Definition:

→ I: Bei der Substanzgruppe der Muskarinrezeptor-Antagonisten (= Anticholinergika) handelt es sich um Atropin-Derivate, die entweder einen tertiären -, oder quartären Stickstoff besitzen und einen kompetitiven Antagonismus mit Acetylcholin am Muskarinrezeptor aufweisen. 

→ II: Die beiden wichtigsten Vertreter der Anticholinergika mit quartärem Stichstoff für die Pulmologie sind das:

1) Ipratropiumbromid (kurz wirksam) und

→ 2) Tiotropriumbromid (lang wirksam).

→ III: Sie werden vor allem in der Behandlung der (chronisch) obstruktiven Ventilationsstörungen eingesetzt.

 

  Wirkungsmechanismus:

→ I: Die Anticholinergika wirken durch Blockade der Muskarinrezeptoren am postganglionären Neuron des Parasympathikus, insbesondere der M3-Rezeptor-vermittelten Bronchokonstriktion (über die M3-Rezeptoren vermittelt der Parasympathikus die Bronchokonstriktion); dabei hat Tiotropiumbromid eine 10-fach höhere Affinität zum Rezeptor als Ipramtropiumbromid (Ipratropiumbromid ist nicht subtypselektiv und bindet an alle Muskarinrezeptoren M1-M5).

→ II: Folge ist eine Bronchodilatation durch Relaxation der glatten Muskelzellen.

→ III: Der Wirkungseintritt erfolgt nach wenigen Minuten, ist jedoch im Vergleich zu den Beta2-Sympathomimetika verspätet.

 

Indikation:

→ I: COPD: Die Muskarinrezeptor-Antagonisten gehören zur Basistherapie der COPD.

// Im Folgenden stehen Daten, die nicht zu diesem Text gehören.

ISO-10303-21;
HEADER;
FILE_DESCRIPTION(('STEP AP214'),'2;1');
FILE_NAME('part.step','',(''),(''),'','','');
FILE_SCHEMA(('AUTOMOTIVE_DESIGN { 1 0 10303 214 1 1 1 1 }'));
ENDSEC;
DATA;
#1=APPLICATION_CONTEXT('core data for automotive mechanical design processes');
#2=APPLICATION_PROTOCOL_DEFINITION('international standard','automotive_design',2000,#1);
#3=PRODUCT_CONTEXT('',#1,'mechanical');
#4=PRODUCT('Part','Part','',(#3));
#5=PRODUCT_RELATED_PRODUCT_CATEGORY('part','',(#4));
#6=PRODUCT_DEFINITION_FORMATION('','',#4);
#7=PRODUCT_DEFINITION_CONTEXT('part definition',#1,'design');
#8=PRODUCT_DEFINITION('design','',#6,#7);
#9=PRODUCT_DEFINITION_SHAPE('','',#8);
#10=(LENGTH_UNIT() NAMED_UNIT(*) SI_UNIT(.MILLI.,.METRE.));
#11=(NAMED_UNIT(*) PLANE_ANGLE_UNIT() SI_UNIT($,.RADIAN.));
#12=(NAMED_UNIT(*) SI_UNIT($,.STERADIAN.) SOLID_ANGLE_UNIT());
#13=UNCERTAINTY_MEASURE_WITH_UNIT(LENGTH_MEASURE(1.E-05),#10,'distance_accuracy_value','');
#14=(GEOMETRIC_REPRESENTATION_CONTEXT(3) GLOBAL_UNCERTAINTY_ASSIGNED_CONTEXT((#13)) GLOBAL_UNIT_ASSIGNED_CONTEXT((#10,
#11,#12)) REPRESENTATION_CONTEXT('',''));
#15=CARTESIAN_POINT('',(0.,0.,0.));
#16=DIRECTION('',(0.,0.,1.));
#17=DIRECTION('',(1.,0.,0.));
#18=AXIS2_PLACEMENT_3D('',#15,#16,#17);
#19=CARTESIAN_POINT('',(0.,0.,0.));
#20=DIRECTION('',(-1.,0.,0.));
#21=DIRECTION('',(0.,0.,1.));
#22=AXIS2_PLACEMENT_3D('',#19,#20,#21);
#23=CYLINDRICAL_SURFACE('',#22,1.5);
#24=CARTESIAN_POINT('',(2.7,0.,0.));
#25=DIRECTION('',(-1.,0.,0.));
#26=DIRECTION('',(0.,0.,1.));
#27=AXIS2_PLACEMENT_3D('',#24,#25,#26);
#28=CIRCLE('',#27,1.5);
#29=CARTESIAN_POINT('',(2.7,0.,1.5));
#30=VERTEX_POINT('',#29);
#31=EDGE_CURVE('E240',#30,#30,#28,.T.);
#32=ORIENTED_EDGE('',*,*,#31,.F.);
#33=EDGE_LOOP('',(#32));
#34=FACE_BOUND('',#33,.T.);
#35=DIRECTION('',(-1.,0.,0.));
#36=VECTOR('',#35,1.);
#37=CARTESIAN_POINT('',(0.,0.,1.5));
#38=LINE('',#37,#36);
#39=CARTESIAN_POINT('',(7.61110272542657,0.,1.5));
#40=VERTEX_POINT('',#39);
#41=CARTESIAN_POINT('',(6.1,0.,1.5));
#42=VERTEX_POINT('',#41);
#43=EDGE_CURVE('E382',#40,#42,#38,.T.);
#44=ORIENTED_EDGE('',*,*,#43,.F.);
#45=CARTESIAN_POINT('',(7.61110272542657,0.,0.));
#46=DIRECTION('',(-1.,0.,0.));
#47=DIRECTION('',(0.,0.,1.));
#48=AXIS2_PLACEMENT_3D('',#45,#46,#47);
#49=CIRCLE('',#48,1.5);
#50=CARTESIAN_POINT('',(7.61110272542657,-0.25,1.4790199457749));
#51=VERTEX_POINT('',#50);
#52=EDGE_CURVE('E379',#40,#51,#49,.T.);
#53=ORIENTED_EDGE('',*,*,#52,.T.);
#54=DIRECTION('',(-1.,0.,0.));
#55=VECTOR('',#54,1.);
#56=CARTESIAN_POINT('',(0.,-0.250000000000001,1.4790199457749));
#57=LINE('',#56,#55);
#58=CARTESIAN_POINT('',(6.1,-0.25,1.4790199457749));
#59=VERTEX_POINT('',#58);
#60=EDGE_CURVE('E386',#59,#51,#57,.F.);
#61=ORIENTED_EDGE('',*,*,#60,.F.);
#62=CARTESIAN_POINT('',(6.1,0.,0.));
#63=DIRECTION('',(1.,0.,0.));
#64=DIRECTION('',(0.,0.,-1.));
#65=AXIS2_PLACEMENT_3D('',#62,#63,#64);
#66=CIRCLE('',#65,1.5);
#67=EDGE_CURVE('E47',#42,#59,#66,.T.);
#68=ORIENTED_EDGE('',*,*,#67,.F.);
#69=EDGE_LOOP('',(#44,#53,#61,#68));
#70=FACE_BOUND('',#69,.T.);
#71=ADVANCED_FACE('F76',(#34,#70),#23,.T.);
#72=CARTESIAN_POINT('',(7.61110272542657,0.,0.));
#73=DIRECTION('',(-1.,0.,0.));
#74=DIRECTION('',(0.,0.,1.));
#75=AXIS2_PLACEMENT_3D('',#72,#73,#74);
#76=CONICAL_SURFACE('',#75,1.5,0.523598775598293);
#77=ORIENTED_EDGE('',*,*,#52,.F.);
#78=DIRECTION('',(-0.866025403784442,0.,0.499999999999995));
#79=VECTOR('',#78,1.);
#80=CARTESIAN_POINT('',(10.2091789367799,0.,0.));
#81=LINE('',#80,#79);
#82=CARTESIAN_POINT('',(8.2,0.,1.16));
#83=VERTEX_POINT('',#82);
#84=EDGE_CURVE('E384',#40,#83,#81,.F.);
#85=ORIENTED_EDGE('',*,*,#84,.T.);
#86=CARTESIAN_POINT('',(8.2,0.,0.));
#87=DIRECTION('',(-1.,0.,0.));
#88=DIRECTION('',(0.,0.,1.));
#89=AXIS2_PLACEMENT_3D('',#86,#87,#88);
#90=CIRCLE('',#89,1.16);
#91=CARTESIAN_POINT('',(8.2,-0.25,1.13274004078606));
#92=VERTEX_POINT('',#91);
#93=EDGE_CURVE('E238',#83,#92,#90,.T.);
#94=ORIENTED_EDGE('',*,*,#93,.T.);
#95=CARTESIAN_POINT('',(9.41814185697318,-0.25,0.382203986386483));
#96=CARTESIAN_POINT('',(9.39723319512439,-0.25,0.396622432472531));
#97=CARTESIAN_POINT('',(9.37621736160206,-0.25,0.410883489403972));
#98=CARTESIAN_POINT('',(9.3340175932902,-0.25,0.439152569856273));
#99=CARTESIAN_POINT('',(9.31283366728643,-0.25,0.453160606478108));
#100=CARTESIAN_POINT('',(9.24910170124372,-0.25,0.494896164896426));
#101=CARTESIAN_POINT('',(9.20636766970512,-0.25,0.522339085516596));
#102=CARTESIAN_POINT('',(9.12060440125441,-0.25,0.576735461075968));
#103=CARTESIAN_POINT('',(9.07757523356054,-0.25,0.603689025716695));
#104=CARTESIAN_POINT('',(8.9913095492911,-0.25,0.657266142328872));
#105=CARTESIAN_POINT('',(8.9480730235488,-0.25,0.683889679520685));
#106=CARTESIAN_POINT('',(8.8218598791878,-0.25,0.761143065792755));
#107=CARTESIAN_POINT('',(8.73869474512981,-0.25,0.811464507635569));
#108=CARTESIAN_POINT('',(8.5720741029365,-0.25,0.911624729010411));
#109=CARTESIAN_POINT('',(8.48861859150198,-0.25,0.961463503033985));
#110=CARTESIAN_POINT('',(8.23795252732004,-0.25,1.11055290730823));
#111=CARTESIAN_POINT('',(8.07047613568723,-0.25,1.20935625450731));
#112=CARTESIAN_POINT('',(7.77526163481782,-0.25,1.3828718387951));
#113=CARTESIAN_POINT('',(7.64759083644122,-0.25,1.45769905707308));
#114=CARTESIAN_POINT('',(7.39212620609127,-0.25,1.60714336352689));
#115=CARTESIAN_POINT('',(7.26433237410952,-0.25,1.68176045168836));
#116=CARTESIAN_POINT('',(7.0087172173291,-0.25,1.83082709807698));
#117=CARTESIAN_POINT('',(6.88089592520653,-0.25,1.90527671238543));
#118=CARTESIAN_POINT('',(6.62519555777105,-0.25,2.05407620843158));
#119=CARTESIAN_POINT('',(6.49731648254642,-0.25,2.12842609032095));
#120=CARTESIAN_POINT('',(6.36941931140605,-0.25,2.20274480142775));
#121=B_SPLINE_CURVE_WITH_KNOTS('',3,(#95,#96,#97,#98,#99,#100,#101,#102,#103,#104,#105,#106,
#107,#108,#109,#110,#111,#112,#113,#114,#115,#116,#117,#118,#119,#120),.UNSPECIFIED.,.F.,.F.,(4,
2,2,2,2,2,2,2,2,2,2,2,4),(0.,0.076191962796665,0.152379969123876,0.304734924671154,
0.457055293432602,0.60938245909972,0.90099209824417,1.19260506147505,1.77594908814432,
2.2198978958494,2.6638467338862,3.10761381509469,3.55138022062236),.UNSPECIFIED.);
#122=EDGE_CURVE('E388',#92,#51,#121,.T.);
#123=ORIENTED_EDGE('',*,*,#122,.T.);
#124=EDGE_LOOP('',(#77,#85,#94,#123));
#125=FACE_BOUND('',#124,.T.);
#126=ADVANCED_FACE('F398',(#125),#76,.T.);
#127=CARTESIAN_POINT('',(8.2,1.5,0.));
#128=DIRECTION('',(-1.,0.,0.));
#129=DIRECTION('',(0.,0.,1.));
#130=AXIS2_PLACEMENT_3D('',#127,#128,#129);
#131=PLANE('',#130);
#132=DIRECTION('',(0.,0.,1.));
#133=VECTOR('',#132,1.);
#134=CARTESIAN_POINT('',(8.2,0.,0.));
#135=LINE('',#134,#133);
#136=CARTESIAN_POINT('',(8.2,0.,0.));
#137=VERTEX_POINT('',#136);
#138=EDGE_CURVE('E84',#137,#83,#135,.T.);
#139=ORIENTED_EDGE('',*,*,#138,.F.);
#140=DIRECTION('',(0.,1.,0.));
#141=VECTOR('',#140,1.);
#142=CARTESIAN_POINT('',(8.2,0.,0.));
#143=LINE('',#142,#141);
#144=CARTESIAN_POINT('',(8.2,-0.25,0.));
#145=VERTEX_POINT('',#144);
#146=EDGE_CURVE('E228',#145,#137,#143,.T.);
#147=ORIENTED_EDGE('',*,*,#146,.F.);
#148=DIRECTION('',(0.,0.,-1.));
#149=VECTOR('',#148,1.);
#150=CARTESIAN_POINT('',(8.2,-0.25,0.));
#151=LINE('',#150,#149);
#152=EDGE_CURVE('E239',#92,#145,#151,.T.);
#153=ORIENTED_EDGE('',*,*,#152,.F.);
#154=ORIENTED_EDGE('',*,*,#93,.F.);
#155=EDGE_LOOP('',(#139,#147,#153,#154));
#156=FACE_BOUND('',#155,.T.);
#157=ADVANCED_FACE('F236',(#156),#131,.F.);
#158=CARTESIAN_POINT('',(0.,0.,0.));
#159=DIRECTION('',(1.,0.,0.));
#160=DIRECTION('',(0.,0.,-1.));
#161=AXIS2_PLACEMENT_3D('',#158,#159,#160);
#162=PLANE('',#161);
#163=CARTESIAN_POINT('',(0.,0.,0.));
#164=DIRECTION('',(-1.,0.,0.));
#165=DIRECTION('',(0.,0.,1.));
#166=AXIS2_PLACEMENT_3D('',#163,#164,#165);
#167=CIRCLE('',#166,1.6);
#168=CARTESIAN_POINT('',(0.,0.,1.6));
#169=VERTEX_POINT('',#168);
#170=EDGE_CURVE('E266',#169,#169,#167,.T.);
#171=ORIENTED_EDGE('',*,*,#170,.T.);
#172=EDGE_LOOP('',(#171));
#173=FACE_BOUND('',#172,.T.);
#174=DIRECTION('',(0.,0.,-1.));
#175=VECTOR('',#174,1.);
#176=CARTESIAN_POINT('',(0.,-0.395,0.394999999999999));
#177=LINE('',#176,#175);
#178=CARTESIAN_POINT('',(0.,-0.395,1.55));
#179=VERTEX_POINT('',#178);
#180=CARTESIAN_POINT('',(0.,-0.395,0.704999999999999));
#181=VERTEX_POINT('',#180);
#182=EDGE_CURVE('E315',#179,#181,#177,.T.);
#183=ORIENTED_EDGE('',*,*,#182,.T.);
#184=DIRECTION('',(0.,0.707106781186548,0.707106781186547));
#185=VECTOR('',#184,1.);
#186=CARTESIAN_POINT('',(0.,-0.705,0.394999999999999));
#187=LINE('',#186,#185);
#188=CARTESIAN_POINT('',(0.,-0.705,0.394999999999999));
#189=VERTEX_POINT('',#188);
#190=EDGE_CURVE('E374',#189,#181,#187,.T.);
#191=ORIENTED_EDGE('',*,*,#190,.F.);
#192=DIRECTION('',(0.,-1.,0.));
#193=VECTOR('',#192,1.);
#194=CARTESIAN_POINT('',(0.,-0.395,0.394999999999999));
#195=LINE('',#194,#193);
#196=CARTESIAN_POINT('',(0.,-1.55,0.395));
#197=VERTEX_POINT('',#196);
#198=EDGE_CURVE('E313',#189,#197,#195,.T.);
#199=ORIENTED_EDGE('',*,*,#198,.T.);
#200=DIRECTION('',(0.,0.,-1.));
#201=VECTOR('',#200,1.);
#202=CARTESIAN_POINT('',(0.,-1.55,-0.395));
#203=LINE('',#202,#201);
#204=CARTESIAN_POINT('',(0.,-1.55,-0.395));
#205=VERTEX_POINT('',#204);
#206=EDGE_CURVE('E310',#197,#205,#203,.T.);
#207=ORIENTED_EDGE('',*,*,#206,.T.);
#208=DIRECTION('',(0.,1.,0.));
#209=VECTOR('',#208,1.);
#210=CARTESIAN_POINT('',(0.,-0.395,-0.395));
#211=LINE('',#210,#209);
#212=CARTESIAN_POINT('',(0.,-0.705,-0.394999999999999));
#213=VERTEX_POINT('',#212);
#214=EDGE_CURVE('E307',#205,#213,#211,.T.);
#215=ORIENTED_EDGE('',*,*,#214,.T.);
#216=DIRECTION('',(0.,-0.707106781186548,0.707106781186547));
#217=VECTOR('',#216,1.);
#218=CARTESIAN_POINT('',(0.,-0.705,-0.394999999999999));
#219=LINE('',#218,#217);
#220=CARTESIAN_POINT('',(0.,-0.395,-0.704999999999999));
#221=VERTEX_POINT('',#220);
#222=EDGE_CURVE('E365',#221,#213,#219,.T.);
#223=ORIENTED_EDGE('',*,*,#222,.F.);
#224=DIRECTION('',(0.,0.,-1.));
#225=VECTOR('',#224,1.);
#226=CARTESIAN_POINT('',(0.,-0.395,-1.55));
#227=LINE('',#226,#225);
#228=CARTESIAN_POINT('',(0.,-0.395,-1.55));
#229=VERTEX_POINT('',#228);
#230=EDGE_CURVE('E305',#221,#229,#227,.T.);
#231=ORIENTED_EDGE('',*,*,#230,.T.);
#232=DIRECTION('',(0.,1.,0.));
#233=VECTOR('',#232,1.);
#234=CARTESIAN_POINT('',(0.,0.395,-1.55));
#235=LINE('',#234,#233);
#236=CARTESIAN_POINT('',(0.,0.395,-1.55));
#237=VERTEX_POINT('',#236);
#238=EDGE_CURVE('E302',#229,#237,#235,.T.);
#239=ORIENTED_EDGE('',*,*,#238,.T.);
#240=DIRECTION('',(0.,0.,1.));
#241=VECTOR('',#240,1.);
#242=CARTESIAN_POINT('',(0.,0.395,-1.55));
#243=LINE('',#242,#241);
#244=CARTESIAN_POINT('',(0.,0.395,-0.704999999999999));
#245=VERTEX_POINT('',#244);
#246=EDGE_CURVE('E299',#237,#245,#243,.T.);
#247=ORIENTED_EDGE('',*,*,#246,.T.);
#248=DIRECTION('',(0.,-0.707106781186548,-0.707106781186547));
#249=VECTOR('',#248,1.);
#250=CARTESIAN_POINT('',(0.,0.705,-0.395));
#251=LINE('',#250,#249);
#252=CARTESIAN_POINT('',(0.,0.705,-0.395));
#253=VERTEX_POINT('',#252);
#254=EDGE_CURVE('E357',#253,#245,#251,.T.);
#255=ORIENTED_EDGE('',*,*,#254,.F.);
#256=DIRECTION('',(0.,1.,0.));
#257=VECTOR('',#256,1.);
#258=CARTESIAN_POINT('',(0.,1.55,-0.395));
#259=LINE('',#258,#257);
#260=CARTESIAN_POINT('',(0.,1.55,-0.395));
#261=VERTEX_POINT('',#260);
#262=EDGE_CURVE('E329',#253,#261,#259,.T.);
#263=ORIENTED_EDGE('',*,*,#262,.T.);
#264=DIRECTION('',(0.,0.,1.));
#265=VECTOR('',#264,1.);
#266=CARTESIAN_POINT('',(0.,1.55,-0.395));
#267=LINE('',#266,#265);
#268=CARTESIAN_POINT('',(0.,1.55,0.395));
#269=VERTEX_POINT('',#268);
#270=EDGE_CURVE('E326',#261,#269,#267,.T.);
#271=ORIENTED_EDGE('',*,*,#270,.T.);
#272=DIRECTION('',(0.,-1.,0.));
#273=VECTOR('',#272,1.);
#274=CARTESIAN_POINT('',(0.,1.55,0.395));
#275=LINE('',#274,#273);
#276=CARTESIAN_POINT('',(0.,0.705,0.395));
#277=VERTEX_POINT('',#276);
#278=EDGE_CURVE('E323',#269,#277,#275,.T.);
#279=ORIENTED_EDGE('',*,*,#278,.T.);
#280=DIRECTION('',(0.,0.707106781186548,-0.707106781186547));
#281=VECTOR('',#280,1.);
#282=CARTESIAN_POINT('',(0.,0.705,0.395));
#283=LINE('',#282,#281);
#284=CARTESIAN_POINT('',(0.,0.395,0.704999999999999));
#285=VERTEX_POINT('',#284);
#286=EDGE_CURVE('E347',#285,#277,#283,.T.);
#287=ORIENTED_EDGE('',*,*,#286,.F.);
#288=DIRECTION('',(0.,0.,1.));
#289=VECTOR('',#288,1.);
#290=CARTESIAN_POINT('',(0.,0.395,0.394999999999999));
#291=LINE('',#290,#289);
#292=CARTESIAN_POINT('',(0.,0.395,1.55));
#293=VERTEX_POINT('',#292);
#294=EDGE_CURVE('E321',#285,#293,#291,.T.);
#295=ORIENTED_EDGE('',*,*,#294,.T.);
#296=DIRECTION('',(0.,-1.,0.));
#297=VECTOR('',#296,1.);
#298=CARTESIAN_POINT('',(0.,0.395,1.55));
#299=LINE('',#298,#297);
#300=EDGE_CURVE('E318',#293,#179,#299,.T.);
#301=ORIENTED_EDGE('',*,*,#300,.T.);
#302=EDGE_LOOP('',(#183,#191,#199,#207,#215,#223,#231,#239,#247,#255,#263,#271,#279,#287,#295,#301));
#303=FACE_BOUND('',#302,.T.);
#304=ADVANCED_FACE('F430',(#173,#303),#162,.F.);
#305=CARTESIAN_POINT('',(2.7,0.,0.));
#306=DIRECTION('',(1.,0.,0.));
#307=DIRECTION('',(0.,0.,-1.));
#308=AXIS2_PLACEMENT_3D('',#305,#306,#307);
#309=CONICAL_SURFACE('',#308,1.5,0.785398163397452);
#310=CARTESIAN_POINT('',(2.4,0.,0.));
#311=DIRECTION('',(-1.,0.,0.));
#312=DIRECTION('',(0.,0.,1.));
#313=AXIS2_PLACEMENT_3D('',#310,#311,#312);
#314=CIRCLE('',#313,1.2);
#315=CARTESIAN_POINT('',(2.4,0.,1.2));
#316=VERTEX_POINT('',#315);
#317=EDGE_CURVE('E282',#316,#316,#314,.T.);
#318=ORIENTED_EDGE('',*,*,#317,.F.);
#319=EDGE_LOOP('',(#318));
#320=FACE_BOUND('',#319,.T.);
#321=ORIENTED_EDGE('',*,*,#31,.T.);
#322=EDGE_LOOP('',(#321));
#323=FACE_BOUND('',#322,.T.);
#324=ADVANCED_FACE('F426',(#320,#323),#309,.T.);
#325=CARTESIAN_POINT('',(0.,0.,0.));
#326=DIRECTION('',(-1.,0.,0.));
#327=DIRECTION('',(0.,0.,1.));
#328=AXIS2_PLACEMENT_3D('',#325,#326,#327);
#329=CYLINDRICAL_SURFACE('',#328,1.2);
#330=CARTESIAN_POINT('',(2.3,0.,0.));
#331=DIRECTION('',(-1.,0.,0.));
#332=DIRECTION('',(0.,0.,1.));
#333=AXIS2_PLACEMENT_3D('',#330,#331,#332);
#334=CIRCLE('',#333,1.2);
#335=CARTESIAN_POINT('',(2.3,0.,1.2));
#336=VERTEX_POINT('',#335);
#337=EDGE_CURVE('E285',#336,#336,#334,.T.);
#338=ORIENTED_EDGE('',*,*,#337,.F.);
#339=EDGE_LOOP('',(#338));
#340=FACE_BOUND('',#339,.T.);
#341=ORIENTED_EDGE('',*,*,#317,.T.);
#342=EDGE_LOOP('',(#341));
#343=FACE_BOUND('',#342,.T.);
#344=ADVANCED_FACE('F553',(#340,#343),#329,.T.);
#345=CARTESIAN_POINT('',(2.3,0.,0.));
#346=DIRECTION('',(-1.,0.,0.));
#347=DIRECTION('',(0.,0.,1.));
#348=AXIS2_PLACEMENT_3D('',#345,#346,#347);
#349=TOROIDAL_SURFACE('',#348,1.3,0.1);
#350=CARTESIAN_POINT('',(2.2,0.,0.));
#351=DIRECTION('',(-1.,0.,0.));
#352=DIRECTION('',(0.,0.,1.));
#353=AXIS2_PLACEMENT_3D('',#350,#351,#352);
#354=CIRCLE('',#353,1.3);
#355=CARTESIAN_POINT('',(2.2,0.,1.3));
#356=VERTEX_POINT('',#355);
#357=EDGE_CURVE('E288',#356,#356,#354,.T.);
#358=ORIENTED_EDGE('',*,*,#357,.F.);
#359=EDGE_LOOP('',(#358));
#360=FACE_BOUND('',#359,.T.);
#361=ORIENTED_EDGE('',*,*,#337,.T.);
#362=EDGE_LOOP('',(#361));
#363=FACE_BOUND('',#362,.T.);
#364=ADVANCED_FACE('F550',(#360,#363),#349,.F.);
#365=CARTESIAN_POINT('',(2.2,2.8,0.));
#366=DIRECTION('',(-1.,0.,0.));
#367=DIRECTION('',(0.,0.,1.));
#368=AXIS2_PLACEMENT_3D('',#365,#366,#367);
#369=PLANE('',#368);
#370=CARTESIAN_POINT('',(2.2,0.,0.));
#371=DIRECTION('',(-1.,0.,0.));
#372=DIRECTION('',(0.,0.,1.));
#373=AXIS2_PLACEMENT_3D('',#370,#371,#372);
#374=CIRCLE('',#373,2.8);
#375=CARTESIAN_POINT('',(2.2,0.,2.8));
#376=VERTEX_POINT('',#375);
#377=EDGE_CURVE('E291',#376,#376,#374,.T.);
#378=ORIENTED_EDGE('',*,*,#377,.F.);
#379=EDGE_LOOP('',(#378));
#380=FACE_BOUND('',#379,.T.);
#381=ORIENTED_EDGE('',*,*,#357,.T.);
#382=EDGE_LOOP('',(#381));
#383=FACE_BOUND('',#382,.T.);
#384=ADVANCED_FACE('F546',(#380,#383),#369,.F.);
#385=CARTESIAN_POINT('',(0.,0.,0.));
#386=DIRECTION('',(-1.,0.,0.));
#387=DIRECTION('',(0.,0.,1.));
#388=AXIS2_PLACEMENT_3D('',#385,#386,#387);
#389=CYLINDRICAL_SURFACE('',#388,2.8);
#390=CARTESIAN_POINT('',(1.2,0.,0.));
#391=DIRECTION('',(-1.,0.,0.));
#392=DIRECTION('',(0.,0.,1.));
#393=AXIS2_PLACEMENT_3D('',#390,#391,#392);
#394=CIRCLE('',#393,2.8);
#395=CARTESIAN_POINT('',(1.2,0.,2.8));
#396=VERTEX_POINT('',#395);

II: Asthma-bronchiale: Als Basistherapeutikum des Asthma bronchiale weniger effektiv; sind jedoch in der Kombinationstherapie mit ß2-Sympathomimetika beim schweren Asthmaanfall indiziert. Gerade Patienten mit psychogen induzierter Asthma-Exazerbation sprechen gut auf diese Präparate an.

→ III: Ipratropiumbromid: Behandlung bradykarder Herzrhythmusstörungen und vagal-bedingter Bradykardien (Dosierung: Initial 5-15mg/d per os, Erhaltungsdosis 2-3x10-15mg/d). Aufgrund ihrer quartären Struktur vermögen sie nicht die Blut-Hirn-Schranke zu durchdringen und können somit insbesondere bei älteren Patienten, die unter Atropin mit Verwirrtheitszuständen reagieren, angewandt werden. 

 

→ Pharmakokinetik: Da die Muskarinrezeptor-Antagonisten aufgrund ihrer quatären Amoniumverbindung oraler Applikation nur sehr schlecht resorbiert werden, stehen sie nur zur inhalativen Anwendung zur Verfügung und weisen somit eine lokale Wirkung auf.

→ I: Ipratropium ist nicht subtypselektiv und bindet somit an alle Muskarinrezeptoren M1-M5 gleichermaßen; jedoch antagonisiert es in der Lunge bei inhalativer Applikation bevorzugt an den M3-Rezeptor.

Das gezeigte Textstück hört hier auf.